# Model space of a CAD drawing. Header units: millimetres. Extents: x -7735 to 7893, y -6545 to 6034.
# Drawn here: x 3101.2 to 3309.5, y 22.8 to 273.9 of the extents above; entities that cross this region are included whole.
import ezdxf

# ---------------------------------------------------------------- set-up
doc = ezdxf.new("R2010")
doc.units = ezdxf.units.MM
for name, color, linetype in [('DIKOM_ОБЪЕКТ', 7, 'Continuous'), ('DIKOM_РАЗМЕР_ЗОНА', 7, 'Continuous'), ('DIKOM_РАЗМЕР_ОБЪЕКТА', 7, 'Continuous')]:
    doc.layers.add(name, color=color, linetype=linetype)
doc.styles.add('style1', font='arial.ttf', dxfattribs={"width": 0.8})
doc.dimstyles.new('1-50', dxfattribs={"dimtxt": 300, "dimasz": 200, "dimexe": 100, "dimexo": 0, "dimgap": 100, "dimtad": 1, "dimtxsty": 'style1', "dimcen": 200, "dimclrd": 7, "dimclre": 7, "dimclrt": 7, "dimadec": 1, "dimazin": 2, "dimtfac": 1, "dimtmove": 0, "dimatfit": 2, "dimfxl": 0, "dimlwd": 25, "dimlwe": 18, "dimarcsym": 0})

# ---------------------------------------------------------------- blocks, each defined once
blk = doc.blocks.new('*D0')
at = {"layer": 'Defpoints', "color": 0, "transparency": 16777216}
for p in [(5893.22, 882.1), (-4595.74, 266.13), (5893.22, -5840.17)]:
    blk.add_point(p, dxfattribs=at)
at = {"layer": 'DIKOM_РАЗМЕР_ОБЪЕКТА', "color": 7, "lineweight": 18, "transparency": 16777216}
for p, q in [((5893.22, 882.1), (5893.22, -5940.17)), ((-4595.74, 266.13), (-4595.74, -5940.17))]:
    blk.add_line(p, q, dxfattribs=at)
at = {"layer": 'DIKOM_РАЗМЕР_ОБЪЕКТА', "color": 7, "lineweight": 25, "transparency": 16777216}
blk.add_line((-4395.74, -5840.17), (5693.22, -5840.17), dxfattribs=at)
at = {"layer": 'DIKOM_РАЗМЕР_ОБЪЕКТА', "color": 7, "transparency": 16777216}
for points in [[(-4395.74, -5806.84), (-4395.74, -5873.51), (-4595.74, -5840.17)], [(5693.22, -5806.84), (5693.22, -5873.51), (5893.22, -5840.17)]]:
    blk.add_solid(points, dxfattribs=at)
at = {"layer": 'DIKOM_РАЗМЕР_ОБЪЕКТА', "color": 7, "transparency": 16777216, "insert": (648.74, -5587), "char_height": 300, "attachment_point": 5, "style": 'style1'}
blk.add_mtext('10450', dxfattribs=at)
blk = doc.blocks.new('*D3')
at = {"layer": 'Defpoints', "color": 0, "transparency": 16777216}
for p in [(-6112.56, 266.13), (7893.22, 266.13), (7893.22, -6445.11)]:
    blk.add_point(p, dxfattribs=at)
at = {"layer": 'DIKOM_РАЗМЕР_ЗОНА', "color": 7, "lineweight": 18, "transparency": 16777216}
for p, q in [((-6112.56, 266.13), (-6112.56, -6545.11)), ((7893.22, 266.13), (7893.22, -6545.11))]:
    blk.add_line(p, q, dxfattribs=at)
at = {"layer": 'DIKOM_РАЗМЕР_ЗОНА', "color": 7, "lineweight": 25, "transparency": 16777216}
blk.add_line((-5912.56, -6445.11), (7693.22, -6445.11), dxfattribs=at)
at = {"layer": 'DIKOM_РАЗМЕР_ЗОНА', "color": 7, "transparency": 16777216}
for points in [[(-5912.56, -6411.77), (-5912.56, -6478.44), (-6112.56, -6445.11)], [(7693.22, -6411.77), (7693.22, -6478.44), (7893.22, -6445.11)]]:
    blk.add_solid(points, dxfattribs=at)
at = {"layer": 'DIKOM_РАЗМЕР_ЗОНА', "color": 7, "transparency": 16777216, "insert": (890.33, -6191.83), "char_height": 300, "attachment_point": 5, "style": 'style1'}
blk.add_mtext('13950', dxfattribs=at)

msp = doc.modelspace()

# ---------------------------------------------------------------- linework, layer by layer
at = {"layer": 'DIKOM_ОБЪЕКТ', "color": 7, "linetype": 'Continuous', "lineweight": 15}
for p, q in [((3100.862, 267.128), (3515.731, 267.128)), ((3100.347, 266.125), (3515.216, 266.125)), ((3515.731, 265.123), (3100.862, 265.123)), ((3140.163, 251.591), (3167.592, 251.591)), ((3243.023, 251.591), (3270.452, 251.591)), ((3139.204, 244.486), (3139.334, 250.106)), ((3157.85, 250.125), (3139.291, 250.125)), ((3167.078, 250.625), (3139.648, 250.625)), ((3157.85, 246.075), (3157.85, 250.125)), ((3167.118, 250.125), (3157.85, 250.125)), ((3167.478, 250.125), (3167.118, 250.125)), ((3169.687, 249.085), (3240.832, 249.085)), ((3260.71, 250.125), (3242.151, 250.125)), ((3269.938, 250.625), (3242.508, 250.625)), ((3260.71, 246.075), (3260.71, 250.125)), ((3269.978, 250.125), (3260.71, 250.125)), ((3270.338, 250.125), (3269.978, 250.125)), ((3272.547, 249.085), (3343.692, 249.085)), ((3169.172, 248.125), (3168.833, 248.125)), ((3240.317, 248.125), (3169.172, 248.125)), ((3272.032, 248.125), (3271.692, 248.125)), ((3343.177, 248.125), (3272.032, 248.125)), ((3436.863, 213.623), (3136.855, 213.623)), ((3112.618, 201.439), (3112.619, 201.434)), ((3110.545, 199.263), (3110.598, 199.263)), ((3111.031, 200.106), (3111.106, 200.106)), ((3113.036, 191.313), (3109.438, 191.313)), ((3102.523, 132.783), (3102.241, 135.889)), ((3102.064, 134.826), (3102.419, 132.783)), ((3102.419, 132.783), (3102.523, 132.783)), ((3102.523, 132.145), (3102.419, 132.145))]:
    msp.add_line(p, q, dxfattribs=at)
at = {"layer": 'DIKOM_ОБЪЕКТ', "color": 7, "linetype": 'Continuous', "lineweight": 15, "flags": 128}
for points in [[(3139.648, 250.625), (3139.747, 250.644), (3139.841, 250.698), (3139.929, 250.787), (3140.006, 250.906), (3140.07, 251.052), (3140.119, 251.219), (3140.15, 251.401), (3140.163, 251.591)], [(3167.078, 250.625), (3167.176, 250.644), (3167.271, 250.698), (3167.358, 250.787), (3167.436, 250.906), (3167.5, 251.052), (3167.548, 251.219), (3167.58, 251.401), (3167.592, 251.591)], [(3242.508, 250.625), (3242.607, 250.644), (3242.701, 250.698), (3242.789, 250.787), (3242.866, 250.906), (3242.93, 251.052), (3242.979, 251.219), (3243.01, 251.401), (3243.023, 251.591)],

* * *

**WHAT IS NEEDED**
Restate, word for word and with nothing added, the lines from the first line of the listing through the one where "doc.units = ezdxf.units.MM" stands.

**SOLUTION FOR THIS TASK**
# Model space of a CAD drawing. Header units: millimetres. Extents: x -7735 to 7893, y -6545 to 6034.
# Drawn here: x 3101.2 to 3309.5, y 22.8 to 273.9 of the extents above; entities that cross this region are included whole.
import ezdxf

# ---------------------------------------------------------------- set-up
doc = ezdxf.new("R2010")
doc.units = ezdxf.units.MM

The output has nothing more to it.